Articles | Volume 27, issue 7
Ann. Geophys., 27, 2903–2912, 2009

Special issue: From Deserts to Monsoons – First International Aegean...

Ann. Geophys., 27, 2903–2912, 2009

  22 Jul 2009

22 Jul 2009

Dust specific extinction cross-sections over the Eastern Mediterranean using the BSC-DREAM model and sun photometer data: the case of urban environments

E. Gerasopoulos1, P. Kokkalis2, V. Amiridis3, E. Liakakou1, C. Perez4, K. Haustein4, K. Eleftheratos5,6, M. O. Andreae7, T. W. Andreae7, and C. S. Zerefos5,6 E. Gerasopoulos et al.
  • 1Institute for Environmental Research and Sustainable Development, National Observatory of Athens, I. Metaxa & V. Pavlou, 15236, P. Penteli, Athens, Greece
  • 2National Technical University of Athens, Physics Department, Athens, Greece
  • 3Institute for Space Applications and Remote Sensing, National Observatory of Athens, I. Metaxa & V. Pavlou, 15236, P. Penteli, Athens, Greece
  • 4Earth Sciences Division, Barcelona Supercomputing Center, Barcelona, Spain
  • 5National Kapodistrian University of Athens, Geology Department, Athens, Greece
  • 6Biomedical Research Foundation, Academy of Athens, Athens, Greece
  • 7Biogeochemistry Department, Max Planck Institute for Chemistry, 55020 Mainz, Germany

Abstract. In this study, aerosol optical depth (AOD) measurements, from a MFR sun photometer operating in Athens, were compared with columnar dust loading estimations, from the BSC-DREAM model, during identified dust events, in order to extract the typical specific extinction cross-section for dust over the area.
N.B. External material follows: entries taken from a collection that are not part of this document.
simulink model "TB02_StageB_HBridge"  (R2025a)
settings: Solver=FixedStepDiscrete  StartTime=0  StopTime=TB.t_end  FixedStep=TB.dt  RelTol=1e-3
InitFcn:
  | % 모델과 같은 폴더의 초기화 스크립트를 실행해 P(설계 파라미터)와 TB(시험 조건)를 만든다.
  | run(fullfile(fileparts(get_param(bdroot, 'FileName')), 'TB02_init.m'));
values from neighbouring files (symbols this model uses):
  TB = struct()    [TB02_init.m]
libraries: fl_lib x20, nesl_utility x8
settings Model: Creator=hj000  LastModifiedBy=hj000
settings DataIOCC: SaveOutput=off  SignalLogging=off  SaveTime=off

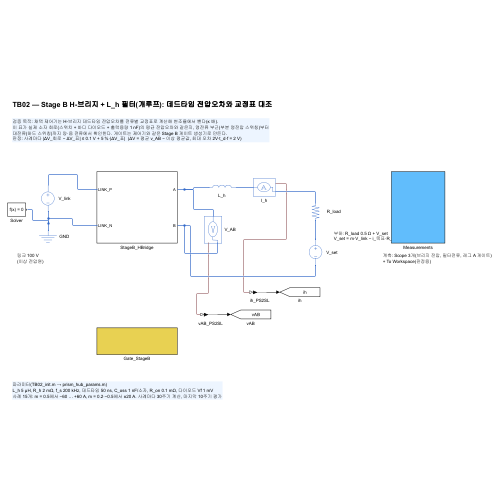
[thumbnail: Simulink's stored preview of the top-level diagram]
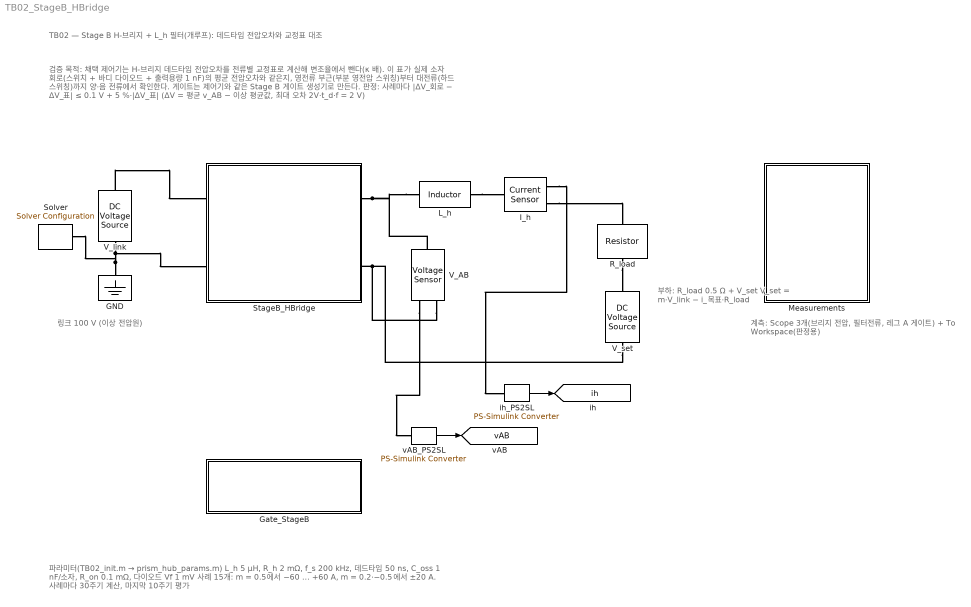
== system TB02_StageB_HBridge ==
  note: TB02 — Stage B H-브리지 + L_h 필터(개루프): 데드타임 전압오차와 교정표 대조
  note: 검증 목적: 채택 제어기는 H-브리지 데드타임 전압오차를 전류별 교정표로 계산해 변조율에서 뺀다(κ 배).
      | 이 표가 실제 소자 회로(스위치 + 바디 다이오드 + 출력용량 1 nF)의 평균 전압오차와 같은지, 영전류 부근(부분 영전압 스위칭)부터
      | 대전류(하드 스위칭)까지 양·음 전류에서 확인한다. 게이트는 제어기와 같은 Stage B 게이트 생성기로 만든다.
      | 판정: 사례마다 |ΔV_회로 − ΔV_표| ≤ 0.1 V + 5 %·|ΔV_표|  (ΔV = 평균 v_AB − 이상 평균값, 최대 오차 2V·t_d·f = 2 V)
  note: 링크 100 V
      | (이상 전압원)
  note: 부하: R_load 0.5 Ω + V_set
      | V_set = m·V_link − i_목표·R_load
  note: 계측: Scope 3개(브리지 전압, 필터전류, 레그 A 게이트)
      | + To Workspace(판정용)
  note: 파라미터(TB02_init.m → prism_hub_params.m)
      | L_h 5 µH, R_h 2 mΩ, f_s 200 kHz, 데드타임 50 ns, C_oss 1 nF/소자, R_on 0.1 mΩ, 다이오드 Vf 1 mV
      | 사례 15개: m = 0.5에서 −60 … +60 A, m = 0.2·−0.5에서 ±20 A. 사례마다 30주기 계산, 마지막 10주기 평가
  GND : fl_lib/Electrical/Electrical Elements/Electrical Reference
  Gate_StageB : Subsystem
  I_h : fl_lib/Electrical/Electrical Sensors/Current Sensor
  L_h : fl_lib/Electrical/Electrical Elements/Inductor  l=TB.B.Lh H  r=TB.B.Rh Ohm  g=1e-9 1/Ohm  i_specify=off  i_priority=None  i=0 A  i_nominal_specify=off  i_nominal_value=1  i_nominal_unit=A  v_specify=off  v_priority=None  v=0 V  v_nominal_specify=off  v_nominal_value=1  v_nominal_unit=V  i_L_specify=on  i_L_priority=High  i_L=TB.i0 A  i_L_nominal_specify=off  i_L_nominal_value=1  i_L_nominal_unit=A
  Measurements : Subsystem
  R_load : fl_lib/Electrical/Electrical Elements/Resistor  R=TB.Rload Ohm  i_specify=off  i_priority=None  i=0 A  i_nominal_specify=off  i_nominal_value=1  i_nominal_unit=A  v_specify=off  v_priority=None  v=0 V  v_nominal_specify=off  v_nominal_value=1  v_nominal_unit=V
  Solver : nesl_utility/Solver Configuration  PhysicalDomain=network_engine_domain  SubClassName=solver  LeftPortType=input  RightPortType=generic  Tones=[]  Harmonics=[]  SimulateNoise=off  Profile=off  UseLocalSampling=off  EnableSwitchedLinearOptims=on  FrequencyDomain=off  UseCCode=off  RelTol=0.001  AbsTol=0.001  MinStep=1e-09  ToWorkspace=off  RevertToSquareIcSolve=off  NumHomotopyIterations=100  PhasorMode=off  PhasorModeNumHarmonics=1  ConsistencySolver=NEWTON_XTOL_AFTER_FTOL  IndexReductionMethod=DerivativeReplacement  DoDC=off  ResidualTolerance=1e-9  ConsistencyTolSource=GLOBAL  ConsistencyAbsTol=0.001  ConsistencyRelTol=0.001  ConsistencyTolFactor=0.001  UseLocalSolver=on  LocalSolverChoice=NE_BACKWARD_EULER_ADVANCER  ResolveIndetEquations=on  FunctionEvalNumThread=1  LocalSolverSampleTime=TB.dt  DoFixedCost=off  MaxNonlinIter=3  MaxModeIter=2  ComputeImpulses=off  ImpulseIterations=2  LinearAlgebra=auto  LinearAlgebraNumThread=0  EquationFormulation=NE_TIME_EF  DelaysMemoryBudget=1024  AutomaticFiltering=on  FilteringTimeConstant=0.001  PartitionStorageMethod=AS_NEEDED  PartitionMemoryBudget=1024  PartitionMethod=ROBUST  MultibodyUseLocalSolver=off  MultibodyLocalSolverChoice=ODE1  MultibodyLocalSolverSampleTime=0.001
  StageB_HBridge : Subsystem
  V_AB : fl_lib/Electrical/Electrical Sensors/Voltage Sensor
  V_link : fl_lib/Electrical/Electrical Sources/DC Voltage Source  v0=TB.Vlink V
  V_set : fl_lib/Electrical/Electrical Sources/DC Voltage Source  v0=TB.Vset V
  ih_PS2SL : nesl_utility/PS-Simulink Converter  PhysicalDomain=network_engine_domain  SubClassName=ps_output  LeftPortType=input  RightPortType=output  PseudoPeriodic=off  Frequencies=[]  VectorFormat=inherit  Unit=inherit  AffineConversion=off
  vAB_PS2SL : nesl_utility/PS-Simulink Converter  PhysicalDomain=network_engine_domain  SubClassName=ps_output  LeftPortType=input  RightPortType=output  PseudoPeriodic=off  Frequencies=[]  VectorFormat=inherit  Unit=inherit  AffineConversion=off
  tag scope: ih=global, vAB=global
  wires:
  ih_PS2SL/1 -> [ih]
  vAB_PS2SL/1 -> [vAB]
  connections:
  GND/LConn1 -- Solver/RConn1 -- V_link/RConn1 -- StageB_HBridge/LConn2
  V_link/LConn1 -- StageB_HBridge/LConn1
  L_h/LConn1 -- StageB_HBridge/RConn1 -- V_AB/LConn1
  L_h/RConn1 -- I_h/LConn1
  I_h/RConn2 -- R_load/LConn1
  R_load/RConn1 -- V_set/LConn1
  StageB_HBridge/RConn2 -- V_set/RConn1 -- V_AB/RConn2
  I_h/RConn1 -- ih_PS2SL/LConn1
  V_AB/RConn1 -- vAB_PS2SL/LConn1

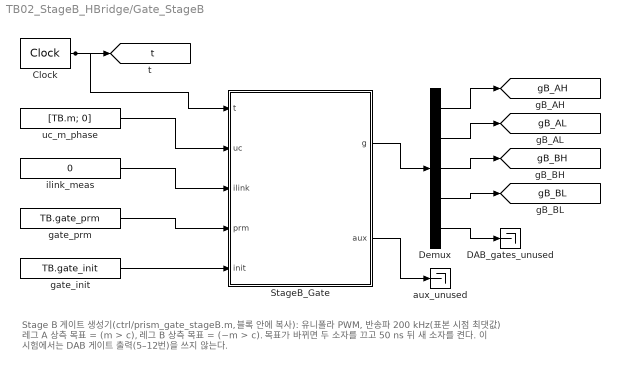
== system TB02_StageB_HBridge/Gate_StageB ==
  note: Stage B 게이트 생성기(ctrl/prism_gate_stageB.m, 블록 안에 복사): 유니폴라 PWM, 반송파 200 kHz(표본 시점 최댓값)
      | 레그 A 상측 목표 = (m > c), 레그 B 상측 목표 = (−m > c). 목표가 바뀌면 두 소자를 끄고 50 ns 뒤 새 소자를 켠다.
      | 이 시험에서는 DAB 게이트 출력(5–12번)을 쓰지 않는다.
  Clock : DigitalClock  SampleTime=TB.dt
  DAB_gates_unused : Terminator
  Demux : Demux  Outputs=[1 1 1 1 8]
  StageB_Gate : MATLAB Function  TreatAsAtomicUnit=on
  aux_unused : Terminator
  gate_init : Constant  Value=TB.gate_init
  gate_prm : Constant  Value=TB.gate_prm
  ilink_meas : Constant  Value=0
  uc_m_phase : Constant  Value=[TB.m; 0]
  tag scope: gB_AH=global, gB_AL=global, gB_BH=global, gB_BL=global, t=global
  wires:
  Clock/1 -> StageB_Gate/1(t), [t]
  uc_m_phase/1 -> StageB_Gate/2(uc)
  ilink_meas/1 -> StageB_Gate/3(ilink)
  gate_prm/1 -> StageB_Gate/4(prm)
  gate_init/1 -> StageB_Gate/5(init)
  StageB_Gate/1(g) -> Demux/1
  Demux/1 -> [gB_AH]
  Demux/2 -> [gB_AL]
  Demux/3 -> [gB_BH]
  Demux/4 -> [gB_BL]
  Demux/5 -> DAB_gates_unused/1
  StageB_Gate/2(aux) -> aux_unused/1

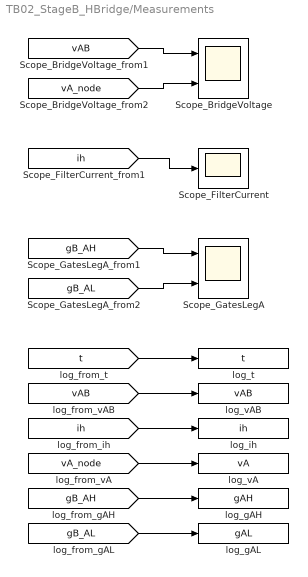
== system TB02_StageB_HBridge/Measurements ==
  Scope_BridgeVoltage : Scope  NumInputPorts=2
      settings: Title=Scope BridgeVoltage
  Scope_FilterCurrent : Scope
      settings: Title=Scope FilterCurrent
  Scope_GatesLegA : Scope  NumInputPorts=2
      settings: Title=Scope GatesLegA
  log_gAH : ToWorkspace  VariableName=gAH  SampleTime=-1
  log_gAL : ToWorkspace  VariableName=gAL  SampleTime=-1
  log_ih : ToWorkspace  VariableName=ih  SampleTime=-1
  log_t : ToWorkspace  VariableName=t  SampleTime=-1
  log_vA : ToWorkspace  VariableName=vA  SampleTime=-1
  log_vAB : ToWorkspace  VariableName=vAB  SampleTime=-1
  wires:
  [vAB] -> Scope_BridgeVoltage/1
  [vA_node] -> Scope_BridgeVoltage/2
  [ih] -> Scope_FilterCurrent/1
  [gB_AH] -> Scope_GatesLegA/1
  [gB_AL] -> Scope_GatesLegA/2
  [t] -> log_t/1
  [vAB] -> log_vAB/1
  [ih] -> log_ih/1
  [vA_node] -> log_vA/1
  [gB_AH] -> log_gAH/1
  [gB_AL] -> log_gAL/1

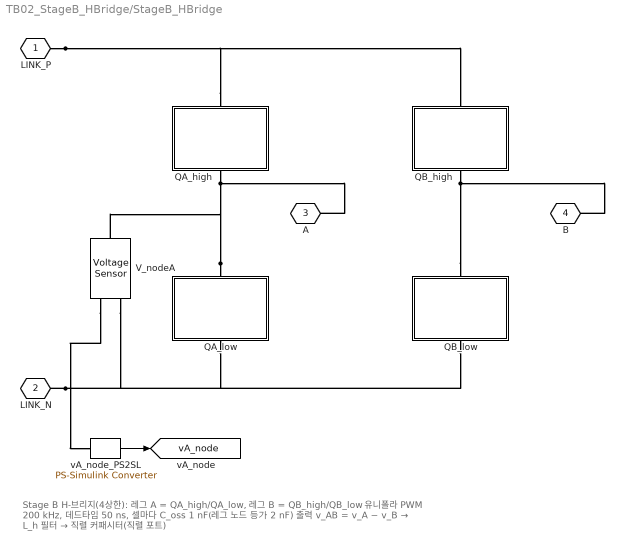
== system TB02_StageB_HBridge/StageB_HBridge ==
  note: Stage B H-브리지(4상한): 레그 A = QA_high/QA_low, 레그 B = QB_high/QB_low
      | 유니폴라 PWM 200 kHz, 데드타임 50 ns, 셀마다 C_oss 1 nF(레그 노드 등가 2 nF)
      | 출력 v_AB = v_A − v_B → L_h 필터 → 직렬 커패시터(직렬 포트)
  QA_high : Subsystem  mask(PRISM-Hub switch cell){Ron=TB.B.Ron, Goff=TB.B.Goff, Vf=TB.B.Vf, Rd=TB.B.Rd, Goffd=TB.B.Goffd, Coss=TB.B.Coss_h}
      mask prompts: Ron "도통 저항 R_on [Ohm]"; Goff "차단 컨덕턴스 G_off [S]"; Vf "다이오드 순방향 전압 Vf [V]"; Rd "다이오드 도통 저항 R_d [Ohm]"; Goffd "다이오드 차단 컨덕턴스 [S]"; Coss "출력용량 C_oss [F]"
      mask help: 전력 반도체 스위치 셀 QA_H. 게이트 태그 gB_AH.
      settings: AttributesFormatString=gate: gB_AH
      mask Display:
      | plot([0.50 0.50 ],[0.95 0.65 ],[0.50 0.74 ],[0.65 0.35 ],[0.50 0.50 ],[0.35 0.05 ]);
      | plot([0.50 0.20 0.20 ],[0.80 0.80 0.58 ],[0.20 0.20 0.50 ],[0.42 0.20 0.20 ]);
      | plot([0.20 0.10 0.30 0.20 ],[0.58 0.42 0.42 0.58 ],[0.10 0.30 ],[0.58 0.58 ]);
      | port_label('LConn',1,'D');
      | port_label('RConn',1,'S');
  QA_low : Subsystem  mask(PRISM-Hub switch cell){Ron=TB.B.Ron, Goff=TB.B.Goff, Vf=TB.B.Vf, Rd=TB.B.Rd, Goffd=TB.B.Goffd, Coss=TB.B.Coss_h}
      mask prompts: Ron "도통 저항 R_on [Ohm]"; Goff "차단 컨덕턴스 G_off [S]"; Vf "다이오드 순방향 전압 Vf [V]"; Rd "다이오드 도통 저항 R_d [Ohm]"; Goffd "다이오드 차단 컨덕턴스 [S]"; Coss "출력용량 C_oss [F]"
      mask help: 전력 반도체 스위치 셀 QA_L. 게이트 태그 gB_AL.
      settings: AttributesFormatString=gate: gB_AL
      mask Display:
      | plot([0.50 0.50 ],[0.95 0.65 ],[0.50 0.74 ],[0.65 0.35 ],[0.50 0.50 ],[0.35 0.05 ]);
      | plot([0.50 0.20 0.20 ],[0.80 0.80 0.58 ],[0.20 0.20 0.50 ],[0.42 0.20 0.20 ]);
      | plot([0.20 0.10 0.30 0.20 ],[0.58 0.42 0.42 0.58 ],[0.10 0.30 ],[0.58 0.58 ]);
      | port_label('LConn',1,'D');
      | port_label('RConn',1,'S');
  QB_high : Subsystem  mask(PRISM-Hub switch cell){Ron=TB.B.Ron, Goff=TB.B.Goff, Vf=TB.B.Vf, Rd=TB.B.Rd, Goffd=TB.B.Goffd, Coss=TB.B.Coss_h}
      mask prompts: Ron "도통 저항 R_on [Ohm]"; Goff "차단 컨덕턴스 G_off [S]"; Vf "다이오드 순방향 전압 Vf [V]"; Rd "다이오드 도통 저항 R_d [Ohm]"; Goffd "다이오드 차단 컨덕턴스 [S]"; Coss "출력용량 C_oss [F]"
      mask help: 전력 반도체 스위치 셀 QB_H. 게이트 태그 gB_BH.
      settings: AttributesFormatString=gate: gB_BH
      mask Display:
      | plot([0.50 0.50 ],[0.95 0.65 ],[0.50 0.74 ],[0.65 0.35 ],[0.50 0.50 ],[0.35 0.05 ]);
      | plot([0.50 0.20 0.20 ],[0.80 0.80 0.58 ],[0.20 0.20 0.50 ],[0.42 0.20 0.20 ]);
      | plot([0.20 0.10 0.30 0.20 ],[0.58 0.42 0.42 0.58 ],[0.10 0.30 ],[0.58 0.58 ]);
      | port_label('LConn',1,'D');
      | port_label('RConn',1,'S');
  QB_low : Subsystem  mask(PRISM-Hub switch cell){Ron=TB.B.Ron, Goff=TB.B.Goff, Vf=TB.B.Vf, Rd=TB.B.Rd, Goffd=TB.B.Goffd, Coss=TB.B.Coss_h}
      mask prompts: Ron "도통 저항 R_on [Ohm]"; Goff "차단 컨덕턴스 G_off [S]"; Vf "다이오드 순방향 전압 Vf [V]"; Rd "다이오드 도통 저항 R_d [Ohm]"; Goffd "다이오드 차단 컨덕턴스 [S]"; Coss "출력용량 C_oss [F]"
      mask help: 전력 반도체 스위치 셀 QB_L. 게이트 태그 gB_BL.
      settings: AttributesFormatString=gate: gB_BL
      mask Display:
      | plot([0.50 0.50 ],[0.95 0.65 ],[0.50 0.74 ],[0.65 0.35 ],[0.50 0.50 ],[0.35 0.05 ]);
      | plot([0.50 0.20 0.20 ],[0.80 0.80 0.58 ],[0.20 0.20 0.50 ],[0.42 0.20 0.20 ]);
      | plot([0.20 0.10 0.30 0.20 ],[0.58 0.42 0.42 0.58 ],[0.10 0.30 ],[0.58 0.58 ]);
      | port_label('LConn',1,'D');
      | port_label('RConn',1,'S');
  V_nodeA : fl_lib/Electrical/Electrical Sensors/Voltage Sensor
  vA_node_PS2SL : nesl_utility/PS-Simulink Converter  PhysicalDomain=network_engine_domain  SubClassName=ps_output  LeftPortType=input  RightPortType=output  PseudoPeriodic=off  Frequencies=[]  VectorFormat=inherit  Unit=inherit  AffineConversion=off
  LINK_P : PMIOPort  Side=Left
  LINK_N : PMIOPort  Port=2  Side=Left
  A : PMIOPort  Port=3  Side=Right
  B : PMIOPort  Port=4  Side=Right
  tag scope: vA_node=global
  wires:
  vA_node_PS2SL/1 -> [vA_node]
  connections:
  QA_high/LConn1 -- LINK_P/RConn1 -- QB_high/LConn1
  QA_high/RConn1 -- A/RConn1 -- QA_low/LConn1 -- V_nodeA/LConn1
  QB_low/LConn1 -- QB_high/RConn1 -- B/RConn1
  QA_low/RConn1 -- QB_low/RConn1 -- LINK_N/RConn1 -- V_nodeA/RConn2
  V_nodeA/RConn1 -- vA_node_PS2SL/LConn1

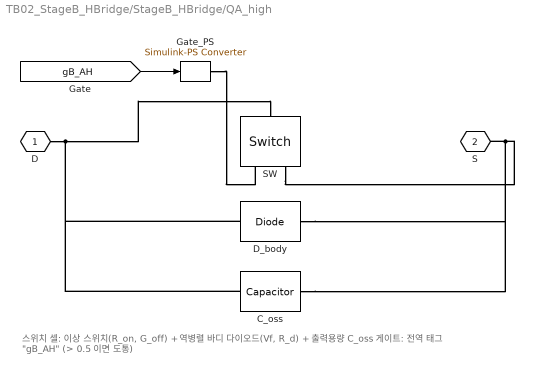
== system TB02_StageB_HBridge/StageB_HBridge/QA_high ==
  note: 스위치 셀: 이상 스위치(R_on, G_off) + 역병렬 바디 다이오드(Vf, R_d) + 출력용량 C_oss
      | 게이트: 전역 태그 "gB_AH" (> 0.5 이면 도통)
  C_oss : fl_lib/Electrical/Electrical Elements/Capacitor  c=Coss F  r=1e-6 Ohm  g=0 1/Ohm  i_specify=off  i_priority=None  i=0 A  i_nominal_specify=off  i_nominal_value=1  i_nominal_unit=A  v_specify=off  v_priority=None  v=0 V  v_nominal_specify=off  v_nominal_value=1  v_nominal_unit=V  vc_specify=off  vc_priority=High  vc=0 V  vc_nominal_specify=off  vc_nominal_value=1  vc_nominal_unit=V
  D_body : fl_lib/Electrical/Electrical Elements/Diode  Vf=Vf V  Ron=Rd Ohm  Goff=Goffd 1/Ohm  i_specify=off  i_priority=None  i=0 A  i_nominal_specify=off  i_nominal_value=1  i_nominal_unit=A  v_specify=off  v_priority=None  v=0 V  v_nominal_specify=off  v_nominal_value=1  v_nominal_unit=V
  Gate_PS : nesl_utility/Simulink-PS Converter  PhysicalDomain=network_engine_domain  SubClassName=ps_input  LeftPortType=input  RightPortType=output  PseudoPeriodic=off  Frequencies=[]  NoiseDistribution=none  NoiseParameters=[]  Unit=1  AffineConversion=off  FilteringAndDerivatives=zero  SimscapeFilterOrder=1  InputFilterTimeConstant=0.001  UdotUserProvided=0
  SW : fl_lib/Electrical/Electrical Elements/Switch  R_closed=Ron Ohm  G_open=Goff 1/Ohm  Threshold=0.5  i_specify=off  i_priority=None  i=0 A  i_nominal_specify=off  i_nominal_value=1  i_nominal_unit=A  v_specify=off  v_priority=None  v=0 V  v_nominal_specify=off  v_nominal_value=1  v_nominal_unit=V
  D : PMIOPort  Side=Left
  S : PMIOPort  Port=2  Side=Right
  wires:
  [gB_AH] -> Gate_PS/1
  connections:
  Gate_PS/RConn1 -- SW/RConn1
  SW/LConn1 -- D/RConn1 -- D_body/RConn1 -- C_oss/LConn1
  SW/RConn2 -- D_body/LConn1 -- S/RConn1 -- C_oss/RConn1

The selected urban environment of Athens provided us with the opportunity to investigate the mixing of dust and urban pollution and to estimate the contribution of the latter. The specific extinction cross-section for dust at 500 nm was found to be equal to σ500*=0.64±0.04 m2 g, typical for medium to large distances from dust sources, with weak wavelength dependence in the visible and near infrared band (0.4–0.9 μm). The model showed a tendency to underpredict AOD levels for increasing values of the Ångström exponent, indicative of fine particles of anthropogenic origin inside the boundary layer. On average we found an AOD under-prediction of 10–15% for Ångström exponents in the range of 0 to 1 and 30–40% in the range of 1 to 2. Additionally, modelled surface concentrations were evaluated against surface PM10 measurements. Model values were lower than measured surface concentrations by 30% which, in conjunction with large scatter, indicated that the effect of the boundary layer anthropogenic contribution to columnar dust loadings is amplified near the ground.